Did you want more than four dates? I'd say you'd need more than that to meet someone you liked and who liked you. The odds aren't very good if you're meeting that few people. Like others said, what about a hobby where you meet people, and putting the word out to your friends in case they know anyone.

BlondeB83 · 07/10/2017 16:54

Try Tinder!

silverylamp · 07/10/2017 16:55

It isn't going to happen now, but I am wondering why it has never happened.

OP posts:
x2boys · 07/10/2017 16:55

Tbh theres no guarantee of meeting the right person but i think you have to be open to meeting men if you want a relationship a friend of friend didnt meet her husband untill she was 36/37shes good looking is a nice person etc it just didnt happen untill then shes now married with two kids though .

heateallthebuns · 07/10/2017 16:57

I doubt it's anything about you. There's someone for everyone. It could be a combination of not meeting enough people and not being very good at flirting or not really liking much about the people you meet.

Winterbeaches · 07/10/2017 16:57

Have you had any casual flings? What about past relationships? I think sometimes if you've had bad experiences in the past, you can put up a bit of a wall without realising it, and come across as cold/uninterested. Not saying this is you, but I've known it to happen before.

What sort of partner were you looking for/what was your online profile like? Were you "picky", saying you'd only date a vegetarian or something? Not that there's anything wrong with that, but it limits the pool.

ludothedog · 07/10/2017 16:59

For internet dating to work you have to be proactive. You have to contact people. you can't just wait for them to contact you (unless you look like a supermodel).

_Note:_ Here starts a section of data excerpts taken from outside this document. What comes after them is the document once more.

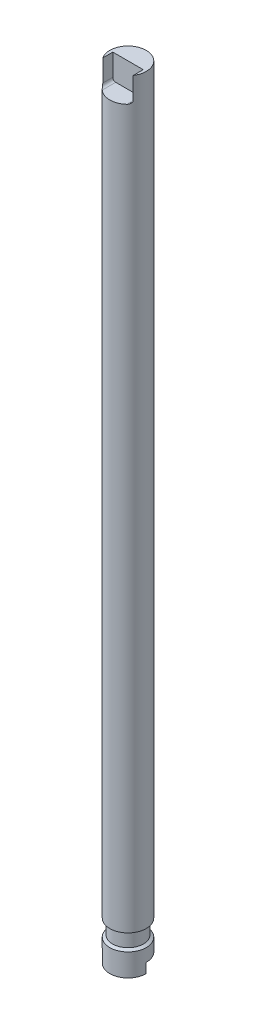
ISO-10303-21;
HEADER;
FILE_DESCRIPTION(('STEP AP214'),'2;1');
FILE_NAME('part.step','',(''),(''),'','','');
FILE_SCHEMA(('AUTOMOTIVE_DESIGN { 1 0 10303 214 1 1 1 1 }'));
ENDSEC;
DATA;
#1=APPLICATION_CONTEXT('core data for automotive mechanical design processes');
#2=APPLICATION_PROTOCOL_DEFINITION('international standard','automotive_design',2000,#1);
#3=PRODUCT_CONTEXT('',#1,'mechanical');
#4=PRODUCT('Part','Part','',(#3));
#5=PRODUCT_RELATED_PRODUCT_CATEGORY('part','',(#4));
#6=PRODUCT_DEFINITION_FORMATION('','',#4);
#7=PRODUCT_DEFINITION_CONTEXT('part definition',#1,'design');
#8=PRODUCT_DEFINITION('design','',#6,#7);
#9=PRODUCT_DEFINITION_SHAPE('','',#8);
#10=(LENGTH_UNIT() NAMED_UNIT(*) SI_UNIT(.MILLI.,.METRE.));
#11=(NAMED_UNIT(*) PLANE_ANGLE_UNIT() SI_UNIT($,.RADIAN.));
#12=(NAMED_UNIT(*) SI_UNIT($,.STERADIAN.) SOLID_ANGLE_UNIT());
#13=UNCERTAINTY_MEASURE_WITH_UNIT(LENGTH_MEASURE(1.E-05),#10,'distance_accuracy_value','');
#14=(GEOMETRIC_REPRESENTATION_CONTEXT(3) GLOBAL_UNCERTAINTY_ASSIGNED_CONTEXT((#13)) GLOBAL_UNIT_ASSIGNED_CONTEXT((#10,
#11,#12)) REPRESENTATION_CONTEXT('',''));
#15=CARTESIAN_POINT('',(0.,0.,0.));
#16=DIRECTION('',(0.,0.,1.));
#17=DIRECTION('',(1.,0.,0.));
#18=AXIS2_PLACEMENT_3D('',#15,#16,#17);
#19=CARTESIAN_POINT('',(-6.42480725316302E-06,661.678554121148,0.0981200194328381));
#20=DIRECTION('',(0.,-1.,0.));
#21=DIRECTION('',(0.,0.,-1.));
#22=AXIS2_PLACEMENT_3D('',#19,#20,#21);
#23=CYLINDRICAL_SURFACE('',#22,28.);
#24=DIRECTION('',(0.,1.,0.));
#25=VECTOR('',#24,1.);
#26=CARTESIAN_POINT('',(27.9999935751927,-538.321445878852,0.0981200194328381));
#27=LINE('',#26,#25);
#28=CARTESIAN_POINT('',(27.9999935751927,-538.321445878852,0.0981200194328381));
#29=VERTEX_POINT('',#28);
#30=CARTESIAN_POINT('',(27.9999935751927,-523.321445878852,0.0981200194328381));
#31=VERTEX_POINT('',#30);
#32=EDGE_CURVE('E60',#29,#31,#27,.T.);
#33=ORIENTED_EDGE('',*,*,#32,.T.);
#34=CARTESIAN_POINT('',(-6.42480725316302E-06,-523.321445878852,0.0981200194328381));
#35=DIRECTION('',(0.,1.,0.));
#36=DIRECTION('',(0.,0.,1.));
#37=AXIS2_PLACEMENT_3D('',#34,#35,#36);
#38=CIRCLE('',#37,28.);
#39=CARTESIAN_POINT('',(-28.0000064248073,-523.321445878852,0.0981200194328381));
#40=VERTEX_POINT('',#39);
#41=EDGE_CURVE('E166',#31,#40,#38,.T.);
#42=ORIENTED_EDGE('',*,*,#41,.T.);
#43=DIRECTION('',(0.,-1.,0.));
#44=VECTOR('',#43,1.);
#45=CARTESIAN_POINT('',(-28.0000064248073,-538.321445878852,0.0981200194328381));
#46=LINE('',#45,#44);
#47=CARTESIAN_POINT('',(-28.0000064248073,-538.321445878852,0.0981200194328381));
#48=VERTEX_POINT('',#47);
#49=EDGE_CURVE('E153',#40,#48,#46,.T.);
#50=ORIENTED_EDGE('',*,*,#49,.T.);
#51=CARTESIAN_POINT('',(-6.42480725316302E-06,-538.321445878852,0.0981200194328381));
#52=DIRECTION('',(0.,1.,0.));
#53=DIRECTION('',(0.,0.,1.));
#54=AXIS2_PLACEMENT_3D('',#51,#52,#53);
#55=CIRCLE('',#54,28.);
#56=EDGE_CURVE('E162',#48,#29,#55,.T.);
#57=ORIENTED_EDGE('',*,*,#56,.T.);
#58=EDGE_LOOP('',(#33,#42,#50,#57));
#59=FACE_BOUND('',#58,.T.);
#60=CARTESIAN_POINT('',(-6.42480725316302E-06,-503.654638122471,0.0981200194328381));
#61=DIRECTION('',(0.,-1.,0.));
#62=DIRECTION('',(0.,0.,-1.));
#63=AXIS2_PLACEMENT_3D('',#60,#61,#62);
#64=CIRCLE('',#63,28.);
#65=CARTESIAN_POINT('',(-6.42480725316302E-06,-503.654638122471,-27.9018799805672));
#66=VERTEX_POINT('',#65);
#67=EDGE_CURVE('E150',#66,#66,#64,.T.);
#68=ORIENTED_EDGE('',*,*,#67,.T.);
#69=EDGE_LOOP('',(#68));
#70=FACE_BOUND('',#69,.T.);
#71=ADVANCED_FACE('F37',(#59,#70),#23,.T.);
#72=CARTESIAN_POINT('',(-6.42480725316302E-06,-538.321445878852,0.0981200194328381));
#73=DIRECTION('',(0.,1.,0.));
#74=DIRECTION('',(0.,0.,1.));
#75=AXIS2_PLACEMENT_3D('',#72,#73,#74);
#76=PLANE('',#75);
#77=DIRECTION('',(1.,0.,0.));
#78=VECTOR('',#77,1.);
#79=CARTESIAN_POINT('',(-28.0000064248073,-538.321445878852,0.0981200194328381));
#80=LINE('',#79,#78);
#81=EDGE_CURVE('E156',#48,#29,#80,.T.);
#82=ORIENTED_EDGE('',*,*,#81,.T.);
#83=ORIENTED_EDGE('',*,*,#56,.F.);
#84=EDGE_LOOP('',(#82,#83));
#85=FACE_BOUND('',#84,.T.);
#86=ADVANCED_FACE('F209',(#85),#76,.F.);
#87=CARTESIAN_POINT('',(-28.0000064248073,-523.321445878852,-27.9018799805672));
#88=DIRECTION('',(0.,1.,0.));
#89=DIRECTION('',(0.,0.,1.));
#90=AXIS2_PLACEMENT_3D('',#87,#88,#89);
#91=PLANE('',#90);
#92=DIRECTION('',(-1.,0.,0.));
#93=VECTOR('',#92,1.);
#94=CARTESIAN_POINT('',(-28.0000064248073,-523.321445878852,0.0981200194328381));
#95=LINE('',#94,#93);
#96=EDGE_CURVE('E159',#31,#40,#95,.T.);
#97=ORIENTED_EDGE('',*,*,#96,.T.);
#98=ORIENTED_EDGE('',*,*,#41,.F.);
#99=EDGE_LOOP('',(#97,#98));
#100=FACE_BOUND('',#99,.T.);
#101=ADVANCED_FACE('F206',(#100),#91,.F.);
#102=CARTESIAN_POINT('',(-28.0000064248073,-523.321445878852,0.0981200194328381));
#103=DIRECTION('',(0.,0.,-1.));
#104=DIRECTION('',(-1.,0.,0.));
#105=AXIS2_PLACEMENT_3D('',#102,#103,#104);
#106=PLANE('',#105);
#107=ORIENTED_EDGE('',*,*,#49,.F.);
#108=ORIENTED_EDGE('',*,*,#96,.F.);
#109=ORIENTED_EDGE('',*,*,#32,.F.);
#110=ORIENTED_EDGE('',*,*,#81,.F.);
#111=EDGE_LOOP('',(#107,#108,#109,#110));
#112=FACE_BOUND('',#111,.T.);
#113=ADVANCED_FACE('F202',(#112),#106,.T.);
#114=CARTESIAN_POINT('',(-6.42480725316302E-06,-503.654638122471,0.0981200194328381));
#115=DIRECTION('',(0.,-1.,0.));
#116=DIRECTION('',(0.,0.,-1.));
#117=AXIS2_PLACEMENT_3D('',#114,#115,#116);
#118=CONICAL_SURFACE('',#117,28.,1.01229096615671);
#119=CARTESIAN_POINT('',(-6.42480725316302E-06,-501.005041801305,0.0981200194328381));
#120=DIRECTION('',(0.,-1.,0.));
#121=DIRECTION('',(0.,0.,-1.));
#122=AXIS2_PLACEMENT_3D('',#119,#120,#121);
#123=CIRCLE('',#122,23.7597595192179);
#124=CARTESIAN_POINT('',(-6.42480725316302E-06,-501.005041801305,-23.661639499785));
#125=VERTEX_POINT('',#124);
#126=EDGE_CURVE('E147',#125,#125,#123,.T.);
#127=ORIENTED_EDGE('',*,*,#126,.T.);
#128=EDGE_LOOP('',(#127));
#129=FACE_BOUND('',#128,.T.);
#130=ORIENTED_EDGE('',*,*,#67,.F.);
#131=EDGE_LOOP('',(#130));
#132=FACE_BOUND('',#131,.T.);
#133=ADVANCED_FACE('F198',(#129,#132),#118,.T.);
#134=CARTESIAN_POINT('',(-6.42480725316302E-06,-538.321445878852,0.0981200194328381));
#135=DIRECTION('',(0.,-1.,0.));
#136=DIRECTION('',(0.,0.,-1.));
#137=AXIS2_PLACEMENT_3D('',#134,#135,#136);
#138=CYLINDRICAL_SURFACE('',#137,23.7597595192179);
#139=CARTESIAN_POINT('',(-6.42480725316302E-06,-481.005041801305,0.0981200194328381));
#140=DIRECTION('',(0.,-1.,0.));
#141=DIRECTION('',(0.,0.,-1.));
#142=AXIS2_PLACEMENT_3D('',#139,#140,#141);
#143=CIRCLE('',#142,23.7597595192179);
#144=CARTESIAN_POINT('',(-6.42480725316302E-06,-481.005041801305,-23.661639499785));
#145=VERTEX_POINT('',#144);
#146=EDGE_CURVE('E144',#145,#145,#143,.T.);
#147=ORIENTED_EDGE('',*,*,#146,.T.);
#148=EDGE_LOOP('',(#147));
#149=FACE_BOUND('',#148,.T.);
#150=ORIENTED_EDGE('',*,*,#126,.F.);
#151=EDGE_LOOP('',(#150));
#152=FACE_BOUND('',#151,.T.);
#153=ADVANCED_FACE('F194',(#149,#152),#138,.T.);
#154=CARTESIAN_POINT('',(-6.42480725316302E-06,-481.005041801305,0.0981200194328381));
#155=DIRECTION('',(0.,1.,0.));
#156=DIRECTION('',(0.,0.,1.));
#157=AXIS2_PLACEMENT_3D('',#154,#155,#156);
#158=CONICAL_SURFACE('',#157,23.7597595192179,1.01229096615672);
#159=CARTESIAN_POINT('',(-6.42480725316302E-06,-478.355445480139,0.0981200194328381));
#160=DIRECTION('',(0.,-1.,0.));
#161=DIRECTION('',(0.,0.,-1.));
#162=AXIS2_PLACEMENT_3D('',#159,#160,#161);
#163=CIRCLE('',#162,27.9999999999999);
#164=CARTESIAN_POINT('',(-6.42480725316302E-06,-478.355445480139,-27.9018799805671));
#165=VERTEX_POINT('',#164);
#166=EDGE_CURVE('E141',#165,#165,#163,.T.);
#167=ORIENTED_EDGE('',*,*,#166,.T.);
#168=EDGE_LOOP('',(#167));
#169=FACE_BOUND('',#168,.T.);
#170=ORIENTED_EDGE('',*,*,#146,.F.);
#171=EDGE_LOOP('',(#170));
#172=FACE_BOUND('',#171,.T.);
#173=ADVANCED_FACE('F190',(#169,#172),#158,.T.);
#174=CARTESIAN_POINT('',(-6.42480725316302E-06,661.678554121148,0.0981200194328381));
#175=DIRECTION('',(0.,1.,0.));
#176=DIRECTION('',(0.,0.,1.));
#177=AXIS2_PLACEMENT_3D('',#174,#175,#176);
#178=PLANE('',#177);
#179=DIRECTION('',(0.,0.,-1.));
#180=VECTOR('',#179,1.);
#181=CARTESIAN_POINT('',(23.3777765106786,661.678554121148,0.0981200194328381));
#182=LINE('',#181,#180);
#183=CARTESIAN_POINT('',(23.3777765106786,661.678554121148,15.5084822806293));
#184=VERTEX_POINT('',#183);
#185=CARTESIAN_POINT('',(23.3777765106786,661.678554121148,0.0971200194328381));
#186=VERTEX_POINT('',#185);
#187=EDGE_CURVE('E139',#184,#186,#182,.T.);
#188=ORIENTED_EDGE('',*,*,#187,.F.);
#189=CARTESIAN_POINT('',(-6.42480725316302E-06,661.678554121148,0.0981200194328381));
#190=DIRECTION('',(0.,1.,0.));
#191=DIRECTION('',(0.,0.,1.));
#192=AXIS2_PLACEMENT_3D('',#189,#190,#191);
#193=CIRCLE('',#192,28.);
#194=CARTESIAN_POINT('',(-23.3777893602931,661.678554121148,15.5084822806293));
#195=VERTEX_POINT('',#194);
#196=EDGE_CURVE('E163',#184,#195,#193,.T.);
#197=ORIENTED_EDGE('',*,*,#196,.T.);
#198=DIRECTION('',(0.,0.,1.));
#199=VECTOR('',#198,1.);
#200=CARTESIAN_POINT('',(-23.3777893602931,661.678554121148,0.0981200194328381));
#201=LINE('',#200,#199);
#202=CARTESIAN_POINT('',(-23.3777893602931,661.678554121148,0.0971200194328381));
#203=VERTEX_POINT('',#202);
#204=EDGE_CURVE('E52',#203,#195,#201,.T.);
#205=ORIENTED_EDGE('',*,*,#204,.F.);
#206=DIRECTION('',(-1.,0.,0.));
#207=VECTOR('',#206,1.);
#208=CARTESIAN_POINT('',(-6.42480725316302E-06,661.678554121148,0.0971200194328381));
#209=LINE('',#208,#207);
#210=EDGE_CURVE('E11',#186,#203,#209,.T.);
#211=ORIENTED_EDGE('',*,*,#210,.F.);
#212=EDGE_LOOP('',(#188,#197,#205,#211));
#213=FACE_BOUND('',#212,.T.);
#214=ADVANCED_FACE('F193',(#213),#178,.T.);
#215=ORIENTED_EDGE('',*,*,#196,.F.);
#216=DIRECTION('',(0.,-1.,0.));
#217=VECTOR('',#216,1.);
#218=CARTESIAN_POINT('',(23.3777765106786,661.678554121148,15.5084822806293));
#219=LINE('',#218,#217);
#220=CARTESIAN_POINT('',(23.3777765106786,628.129239556559,15.5084822806292));
#221=VERTEX_POINT('',#220);
#222=EDGE_CURVE('E45',#184,#221,#219,.T.);
#223=ORIENTED_EDGE('',*,*,#222,.T.);
#224=CARTESIAN_POINT('',(23.3777765106786,628.129239556559,15.5084822806292));
#225=CARTESIAN_POINT('',(23.3777919035231,628.054904144362,15.5084544615388));
#226=CARTESIAN_POINT('',(23.3759119449711,627.980586727826,15.5113107862228));
#227=CARTESIAN_POINT('',(23.3684817401791,627.832639668801,15.5225760134232));
#228=CARTESIAN_POINT('',(23.3629355980985,627.759009350494,15.5309787069658));
#229=CARTESIAN_POINT('',(23.3483729865745,627.61371808586,15.5530008109456));
#230=CARTESIAN_POINT('',(23.3393951165731,627.542044409914,15.5665621895259));
#231=CARTESIAN_POINT('',(23.3181712165071,627.400279991031,15.5985380935921));
#232=CARTESIAN_POINT('',(23.3059241064214,627.330189779519,15.6169542228608));
#233=CARTESIAN_POINT('',(23.2576166976408,627.087735340214,15.6893626308562));
#234=CARTESIAN_POINT('',(23.2134779664327,626.920374679923,15.7551529745621));
#235=CARTESIAN_POINT('',(23.1098633477978,626.600144344602,15.9076861567903));
#236=CARTESIAN_POINT('',(23.0503144805127,626.447348490948,15.9945285671676));
#237=CARTESIAN_POINT('',(22.9340262036917,626.189526192579,16.1616843826552));
#238=CARTESIAN_POINT('',(22.8796598938106,626.081478682155,16.2390832172049));
#239=CARTESIAN_POINT('',(22.7648364141274,625.87394328359,16.400627409223));
#240=CARTESIAN_POINT('',(22.7043758638795,625.77446020345,16.4847765056871));
#241=CARTESIAN_POINT('',(22.5781511893908,625.583457260051,16.6582627704653));
#242=CARTESIAN_POINT('',(22.5123795577947,625.491949063004,16.7476072308495));
#243=CARTESIAN_POINT('',(22.3762131764753,625.316524569135,16.9301663563632));
#244=CARTESIAN_POINT('',(22.3058169535658,625.232610711967,17.0233822512452));
#245=CARTESIAN_POINT('',(22.1193303998232,625.025899009628,17.2669886841202));
#246=CARTESIAN_POINT('',(22.000174498846,624.908378594676,17.4195290877903));
#247=CARTESIAN_POINT('',(21.7528649232343,624.68982836006,17.7291131146236));
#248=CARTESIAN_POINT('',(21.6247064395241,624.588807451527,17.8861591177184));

Also you have to date A LOT. I think I read that to meet one person that you would want to see again the average is 10 dates.

If you are low in confidence, are introverted or suffer from anxiety it can be really nerve racking going on lots of dates. You have to change your mind set. Don't take them too seriously and don't think that every date will = true love. You just have to think that it is a night out for a bit of fun. Easy to say, but not easy to do. I found internet dating very hard for reasons stated above. Works for some though!